PLAY's results were far from spectacular -- comparable store sales fell by 9.4% and the company missed revenue expectations -- but the anticipated decline in capex and some encouraging commentary surrounding foot traffic and food and beverage sales trends in March and April has created optimism.

  • Mr. Sheehan, who replaced Chris Morris as CEO last December, has implemented a "back-to-basics" strategy that aims to undo the missteps of the past few years. In his view, PLAY overwhelmed customers with too many menu changes and store remodels, resulting in seven consecutive quarters of negative comps. The back-to-basics strategy reduces menu complexity be eliminating low-performing items and improving kitchen efficiency, while also only targeting high-return locations for remodeling, providing some relief to capex.

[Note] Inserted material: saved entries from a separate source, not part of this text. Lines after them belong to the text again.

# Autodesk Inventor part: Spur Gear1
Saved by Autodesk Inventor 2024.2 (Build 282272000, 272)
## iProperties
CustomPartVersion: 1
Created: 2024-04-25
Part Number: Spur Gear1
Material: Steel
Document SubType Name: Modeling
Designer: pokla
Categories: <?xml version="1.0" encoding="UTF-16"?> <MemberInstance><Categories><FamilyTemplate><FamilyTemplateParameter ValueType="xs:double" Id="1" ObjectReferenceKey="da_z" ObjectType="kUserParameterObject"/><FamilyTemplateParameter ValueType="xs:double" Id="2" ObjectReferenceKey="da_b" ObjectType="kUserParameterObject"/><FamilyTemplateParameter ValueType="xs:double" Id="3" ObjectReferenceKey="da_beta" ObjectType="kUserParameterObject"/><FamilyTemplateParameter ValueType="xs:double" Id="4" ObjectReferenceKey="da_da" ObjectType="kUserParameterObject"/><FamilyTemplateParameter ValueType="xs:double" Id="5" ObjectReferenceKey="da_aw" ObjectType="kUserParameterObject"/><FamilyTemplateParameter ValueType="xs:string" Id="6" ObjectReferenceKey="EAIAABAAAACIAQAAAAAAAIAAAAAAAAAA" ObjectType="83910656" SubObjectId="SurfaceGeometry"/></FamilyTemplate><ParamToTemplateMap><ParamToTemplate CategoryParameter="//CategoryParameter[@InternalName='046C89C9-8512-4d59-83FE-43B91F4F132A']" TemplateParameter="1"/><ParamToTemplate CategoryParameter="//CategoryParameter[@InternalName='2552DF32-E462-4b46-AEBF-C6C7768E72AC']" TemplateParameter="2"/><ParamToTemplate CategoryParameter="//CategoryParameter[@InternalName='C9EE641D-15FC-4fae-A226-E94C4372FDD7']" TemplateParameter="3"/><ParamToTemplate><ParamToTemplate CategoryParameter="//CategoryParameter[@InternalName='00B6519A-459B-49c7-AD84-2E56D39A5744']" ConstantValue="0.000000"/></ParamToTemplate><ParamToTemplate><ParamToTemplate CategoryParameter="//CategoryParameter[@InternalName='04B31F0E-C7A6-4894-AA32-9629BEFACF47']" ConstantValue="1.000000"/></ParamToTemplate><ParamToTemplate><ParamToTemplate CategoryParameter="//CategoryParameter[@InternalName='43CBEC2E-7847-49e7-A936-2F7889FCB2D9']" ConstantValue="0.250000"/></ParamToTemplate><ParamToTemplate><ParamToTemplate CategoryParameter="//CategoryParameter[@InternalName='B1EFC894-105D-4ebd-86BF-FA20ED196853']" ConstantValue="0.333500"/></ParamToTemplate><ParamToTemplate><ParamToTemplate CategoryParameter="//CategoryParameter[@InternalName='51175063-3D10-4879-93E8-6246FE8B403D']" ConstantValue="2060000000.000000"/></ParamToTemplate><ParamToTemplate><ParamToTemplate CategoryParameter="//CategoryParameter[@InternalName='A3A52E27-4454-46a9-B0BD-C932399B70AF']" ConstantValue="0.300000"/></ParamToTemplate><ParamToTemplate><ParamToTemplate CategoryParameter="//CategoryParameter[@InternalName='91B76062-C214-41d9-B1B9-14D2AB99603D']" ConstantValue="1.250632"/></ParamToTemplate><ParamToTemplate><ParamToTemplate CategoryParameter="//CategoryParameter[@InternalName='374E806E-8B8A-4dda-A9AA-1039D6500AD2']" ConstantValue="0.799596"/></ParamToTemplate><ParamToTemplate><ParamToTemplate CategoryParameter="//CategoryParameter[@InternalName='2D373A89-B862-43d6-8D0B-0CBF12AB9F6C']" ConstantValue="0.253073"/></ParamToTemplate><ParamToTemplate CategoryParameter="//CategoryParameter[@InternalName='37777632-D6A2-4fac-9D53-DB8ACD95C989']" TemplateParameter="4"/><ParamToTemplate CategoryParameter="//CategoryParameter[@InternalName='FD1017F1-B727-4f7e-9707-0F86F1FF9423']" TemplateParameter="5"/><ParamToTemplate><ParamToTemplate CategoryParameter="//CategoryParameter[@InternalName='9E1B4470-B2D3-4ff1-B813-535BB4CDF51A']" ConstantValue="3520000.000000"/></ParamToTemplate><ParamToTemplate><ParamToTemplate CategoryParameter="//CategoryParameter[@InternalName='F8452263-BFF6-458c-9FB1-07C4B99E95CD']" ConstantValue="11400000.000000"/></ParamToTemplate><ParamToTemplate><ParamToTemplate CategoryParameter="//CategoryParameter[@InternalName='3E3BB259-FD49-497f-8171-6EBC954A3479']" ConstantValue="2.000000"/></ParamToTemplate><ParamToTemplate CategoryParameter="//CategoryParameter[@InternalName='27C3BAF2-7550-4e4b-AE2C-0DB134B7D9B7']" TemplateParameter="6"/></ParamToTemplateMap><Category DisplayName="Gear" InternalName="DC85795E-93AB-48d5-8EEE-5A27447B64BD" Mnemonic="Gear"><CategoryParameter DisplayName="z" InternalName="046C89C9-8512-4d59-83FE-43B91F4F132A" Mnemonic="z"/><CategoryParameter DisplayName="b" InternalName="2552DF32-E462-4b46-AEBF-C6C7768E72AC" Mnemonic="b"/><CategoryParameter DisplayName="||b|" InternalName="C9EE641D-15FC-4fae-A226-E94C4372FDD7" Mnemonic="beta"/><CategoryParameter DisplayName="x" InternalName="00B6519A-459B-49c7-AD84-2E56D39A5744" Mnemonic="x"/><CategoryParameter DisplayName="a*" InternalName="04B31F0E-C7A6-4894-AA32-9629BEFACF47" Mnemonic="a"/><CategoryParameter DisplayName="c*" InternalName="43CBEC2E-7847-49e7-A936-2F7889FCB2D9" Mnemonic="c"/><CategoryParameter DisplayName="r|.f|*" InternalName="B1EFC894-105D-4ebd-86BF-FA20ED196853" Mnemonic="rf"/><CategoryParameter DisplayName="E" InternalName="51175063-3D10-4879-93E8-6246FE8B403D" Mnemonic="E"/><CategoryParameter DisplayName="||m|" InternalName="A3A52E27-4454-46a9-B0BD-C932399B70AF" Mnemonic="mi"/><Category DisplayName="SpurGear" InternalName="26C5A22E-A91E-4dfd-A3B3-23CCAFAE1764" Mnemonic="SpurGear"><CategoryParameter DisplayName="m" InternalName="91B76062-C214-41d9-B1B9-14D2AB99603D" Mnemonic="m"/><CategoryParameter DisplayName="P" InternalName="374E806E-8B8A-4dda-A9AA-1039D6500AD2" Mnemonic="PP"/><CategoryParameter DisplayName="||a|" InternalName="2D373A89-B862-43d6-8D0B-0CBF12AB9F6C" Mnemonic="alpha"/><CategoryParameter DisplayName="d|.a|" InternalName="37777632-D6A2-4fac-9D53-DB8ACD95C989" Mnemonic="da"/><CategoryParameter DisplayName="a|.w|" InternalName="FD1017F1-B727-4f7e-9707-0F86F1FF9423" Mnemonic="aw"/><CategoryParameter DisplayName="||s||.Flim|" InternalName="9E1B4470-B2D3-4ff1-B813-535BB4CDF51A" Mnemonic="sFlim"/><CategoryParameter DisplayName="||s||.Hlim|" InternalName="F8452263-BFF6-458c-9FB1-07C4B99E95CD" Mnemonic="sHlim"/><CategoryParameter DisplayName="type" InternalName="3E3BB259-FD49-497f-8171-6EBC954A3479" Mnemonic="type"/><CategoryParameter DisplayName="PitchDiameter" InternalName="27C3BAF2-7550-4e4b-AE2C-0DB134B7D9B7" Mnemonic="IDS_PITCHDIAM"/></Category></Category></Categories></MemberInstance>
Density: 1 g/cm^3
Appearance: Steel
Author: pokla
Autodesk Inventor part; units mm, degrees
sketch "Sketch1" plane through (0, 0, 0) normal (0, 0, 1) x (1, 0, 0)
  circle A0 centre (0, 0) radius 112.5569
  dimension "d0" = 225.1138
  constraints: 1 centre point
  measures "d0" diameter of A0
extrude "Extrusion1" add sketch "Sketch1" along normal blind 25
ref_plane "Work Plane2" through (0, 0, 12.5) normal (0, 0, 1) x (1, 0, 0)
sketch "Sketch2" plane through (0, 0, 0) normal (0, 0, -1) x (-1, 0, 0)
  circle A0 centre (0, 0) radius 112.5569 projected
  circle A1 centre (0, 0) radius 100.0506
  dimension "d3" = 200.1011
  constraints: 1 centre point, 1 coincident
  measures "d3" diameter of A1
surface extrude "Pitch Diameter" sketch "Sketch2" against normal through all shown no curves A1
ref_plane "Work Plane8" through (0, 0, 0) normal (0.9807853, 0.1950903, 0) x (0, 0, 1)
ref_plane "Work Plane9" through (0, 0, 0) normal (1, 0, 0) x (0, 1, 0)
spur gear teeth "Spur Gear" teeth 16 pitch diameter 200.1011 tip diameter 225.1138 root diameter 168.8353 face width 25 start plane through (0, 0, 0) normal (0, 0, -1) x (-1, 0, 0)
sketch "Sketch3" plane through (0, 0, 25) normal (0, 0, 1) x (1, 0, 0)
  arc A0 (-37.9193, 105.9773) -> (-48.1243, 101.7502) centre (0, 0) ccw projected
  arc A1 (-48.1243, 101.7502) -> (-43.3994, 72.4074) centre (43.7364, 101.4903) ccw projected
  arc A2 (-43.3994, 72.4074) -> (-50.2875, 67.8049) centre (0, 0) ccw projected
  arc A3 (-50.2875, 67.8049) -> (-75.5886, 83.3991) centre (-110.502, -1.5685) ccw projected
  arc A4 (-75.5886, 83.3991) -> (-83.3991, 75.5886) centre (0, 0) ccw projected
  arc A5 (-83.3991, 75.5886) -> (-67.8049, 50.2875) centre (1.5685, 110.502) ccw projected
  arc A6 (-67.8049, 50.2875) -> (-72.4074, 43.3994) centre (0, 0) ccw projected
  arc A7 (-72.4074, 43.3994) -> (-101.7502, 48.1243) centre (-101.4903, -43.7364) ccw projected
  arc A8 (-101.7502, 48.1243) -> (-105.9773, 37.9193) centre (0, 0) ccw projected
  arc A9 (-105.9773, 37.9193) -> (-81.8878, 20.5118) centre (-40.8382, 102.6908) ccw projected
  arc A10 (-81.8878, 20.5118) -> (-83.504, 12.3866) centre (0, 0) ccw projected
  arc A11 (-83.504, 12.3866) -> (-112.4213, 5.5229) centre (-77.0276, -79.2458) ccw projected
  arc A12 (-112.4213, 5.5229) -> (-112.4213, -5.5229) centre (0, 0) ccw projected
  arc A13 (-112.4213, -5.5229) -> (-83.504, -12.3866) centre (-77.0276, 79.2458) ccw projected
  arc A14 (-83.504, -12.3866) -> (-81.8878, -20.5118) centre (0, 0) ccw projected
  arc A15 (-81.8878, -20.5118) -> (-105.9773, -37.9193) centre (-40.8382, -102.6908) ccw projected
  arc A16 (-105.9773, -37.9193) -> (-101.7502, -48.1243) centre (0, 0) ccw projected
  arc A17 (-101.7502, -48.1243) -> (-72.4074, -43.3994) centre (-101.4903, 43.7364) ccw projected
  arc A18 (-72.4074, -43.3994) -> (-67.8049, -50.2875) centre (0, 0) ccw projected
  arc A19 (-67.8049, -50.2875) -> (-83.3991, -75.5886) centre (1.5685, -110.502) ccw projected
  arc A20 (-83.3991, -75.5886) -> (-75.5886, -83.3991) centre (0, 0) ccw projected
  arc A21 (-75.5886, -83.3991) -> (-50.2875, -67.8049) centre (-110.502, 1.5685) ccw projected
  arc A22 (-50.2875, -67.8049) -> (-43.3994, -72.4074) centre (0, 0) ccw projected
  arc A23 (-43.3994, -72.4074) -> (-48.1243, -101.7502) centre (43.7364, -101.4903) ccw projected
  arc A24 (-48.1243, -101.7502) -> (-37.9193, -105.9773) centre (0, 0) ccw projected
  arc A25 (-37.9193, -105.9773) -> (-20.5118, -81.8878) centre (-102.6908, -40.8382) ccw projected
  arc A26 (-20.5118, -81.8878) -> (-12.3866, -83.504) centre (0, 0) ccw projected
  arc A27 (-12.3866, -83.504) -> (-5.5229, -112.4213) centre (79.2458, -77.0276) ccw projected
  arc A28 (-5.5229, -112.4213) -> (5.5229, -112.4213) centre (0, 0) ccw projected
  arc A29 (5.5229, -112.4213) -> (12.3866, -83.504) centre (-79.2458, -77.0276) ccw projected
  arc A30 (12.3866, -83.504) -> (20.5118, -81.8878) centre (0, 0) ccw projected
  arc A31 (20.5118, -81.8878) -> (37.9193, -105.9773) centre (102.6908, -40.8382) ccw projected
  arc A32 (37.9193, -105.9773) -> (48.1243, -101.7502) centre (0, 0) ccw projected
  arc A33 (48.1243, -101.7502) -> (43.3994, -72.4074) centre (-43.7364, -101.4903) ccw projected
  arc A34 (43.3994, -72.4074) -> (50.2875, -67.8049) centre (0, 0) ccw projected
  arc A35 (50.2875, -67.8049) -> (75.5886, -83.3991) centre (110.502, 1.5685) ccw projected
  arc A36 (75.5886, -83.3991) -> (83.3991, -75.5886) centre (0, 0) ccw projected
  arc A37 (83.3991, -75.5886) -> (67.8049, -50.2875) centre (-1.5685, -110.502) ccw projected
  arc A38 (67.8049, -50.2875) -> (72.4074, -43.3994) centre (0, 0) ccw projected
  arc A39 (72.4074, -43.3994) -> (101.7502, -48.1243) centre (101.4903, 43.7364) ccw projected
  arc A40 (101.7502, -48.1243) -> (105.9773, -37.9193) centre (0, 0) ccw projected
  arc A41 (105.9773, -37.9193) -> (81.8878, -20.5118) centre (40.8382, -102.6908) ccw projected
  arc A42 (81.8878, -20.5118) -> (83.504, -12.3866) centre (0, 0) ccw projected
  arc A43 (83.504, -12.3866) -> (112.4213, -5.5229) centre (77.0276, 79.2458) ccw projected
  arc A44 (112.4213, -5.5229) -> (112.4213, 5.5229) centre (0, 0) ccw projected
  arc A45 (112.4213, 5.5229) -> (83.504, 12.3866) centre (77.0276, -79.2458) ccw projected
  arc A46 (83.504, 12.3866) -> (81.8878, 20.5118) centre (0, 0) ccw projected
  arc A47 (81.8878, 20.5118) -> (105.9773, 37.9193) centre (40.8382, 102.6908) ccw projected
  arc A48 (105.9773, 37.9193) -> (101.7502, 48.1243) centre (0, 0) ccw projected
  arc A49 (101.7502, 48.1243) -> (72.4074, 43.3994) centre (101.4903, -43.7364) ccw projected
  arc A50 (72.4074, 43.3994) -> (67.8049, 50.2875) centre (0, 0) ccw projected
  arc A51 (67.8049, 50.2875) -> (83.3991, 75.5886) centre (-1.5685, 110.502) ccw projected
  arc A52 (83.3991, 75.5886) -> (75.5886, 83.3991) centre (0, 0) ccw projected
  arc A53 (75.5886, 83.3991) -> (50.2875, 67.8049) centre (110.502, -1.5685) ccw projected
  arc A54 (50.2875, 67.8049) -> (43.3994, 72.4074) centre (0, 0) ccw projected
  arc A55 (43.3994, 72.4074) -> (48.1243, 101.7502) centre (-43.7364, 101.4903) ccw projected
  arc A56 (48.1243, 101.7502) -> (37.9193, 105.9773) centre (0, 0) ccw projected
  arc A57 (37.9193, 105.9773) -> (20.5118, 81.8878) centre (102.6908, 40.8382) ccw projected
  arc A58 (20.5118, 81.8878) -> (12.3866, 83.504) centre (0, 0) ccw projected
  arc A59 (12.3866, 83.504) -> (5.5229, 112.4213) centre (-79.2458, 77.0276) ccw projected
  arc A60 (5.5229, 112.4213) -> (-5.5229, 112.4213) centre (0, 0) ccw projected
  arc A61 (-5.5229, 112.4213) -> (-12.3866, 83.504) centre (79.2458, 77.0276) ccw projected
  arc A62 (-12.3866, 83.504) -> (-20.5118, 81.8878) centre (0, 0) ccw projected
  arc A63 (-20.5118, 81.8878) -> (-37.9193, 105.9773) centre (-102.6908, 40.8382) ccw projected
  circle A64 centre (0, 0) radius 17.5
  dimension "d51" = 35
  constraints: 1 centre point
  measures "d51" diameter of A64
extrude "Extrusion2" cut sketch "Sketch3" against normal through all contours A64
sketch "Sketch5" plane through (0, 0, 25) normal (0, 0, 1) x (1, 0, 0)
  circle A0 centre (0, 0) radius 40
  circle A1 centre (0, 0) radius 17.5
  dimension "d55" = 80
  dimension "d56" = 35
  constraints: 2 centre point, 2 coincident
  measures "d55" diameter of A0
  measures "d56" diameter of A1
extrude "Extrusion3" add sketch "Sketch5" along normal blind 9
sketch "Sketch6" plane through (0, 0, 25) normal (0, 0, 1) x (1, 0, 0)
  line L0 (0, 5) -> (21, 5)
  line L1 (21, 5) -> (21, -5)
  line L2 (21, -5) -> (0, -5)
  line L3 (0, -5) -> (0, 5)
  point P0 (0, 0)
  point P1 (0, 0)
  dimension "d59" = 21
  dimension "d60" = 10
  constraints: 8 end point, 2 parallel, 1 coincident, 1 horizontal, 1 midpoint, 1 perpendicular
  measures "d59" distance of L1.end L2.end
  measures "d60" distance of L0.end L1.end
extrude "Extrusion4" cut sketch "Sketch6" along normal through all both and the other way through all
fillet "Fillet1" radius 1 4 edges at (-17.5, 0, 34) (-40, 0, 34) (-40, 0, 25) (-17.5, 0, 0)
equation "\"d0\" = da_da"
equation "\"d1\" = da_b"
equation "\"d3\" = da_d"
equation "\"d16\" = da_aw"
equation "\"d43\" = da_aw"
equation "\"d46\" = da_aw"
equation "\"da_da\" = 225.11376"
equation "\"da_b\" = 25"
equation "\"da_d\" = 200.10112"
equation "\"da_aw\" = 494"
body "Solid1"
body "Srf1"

  • Under Morris's leadership, PLAY was aggressive with store remodels, completing 44 remodels since 2023. On the positive side, the remodels have shown strong results, outperforming non-remodeled locations by approximately 9% post-renovation. The issue, though, is that the high upfront costs and incremental labor and marketing costs associated with the remodels were straining PLAY's margins and earnings.
  • In Q4, operating margins plunged to 8.3% from 15.0% in the prior year period, while EPS fell by 22% to $0.69. By avoiding overextension in its remodeling plans, PLAY should be able to stabilize its margins. Whether its menu simplification efforts and new initiatives like "Eat & Play Combo" can reverse the negative comp trend remains to be seen. The improved foot traffic and sales trends in March and April are a positive sign, but PLAY may be hard-pressed to maintain that momentum given the intensifying macro headwinds.
PLAY's Q4 results continued to reflect consumer related and operational challenges. However, the company's back-to-basics strategy to reverse prior missteps and its more conservative capex plans for FY26 is providing optimism that healthier margins and profits may be on the horizon.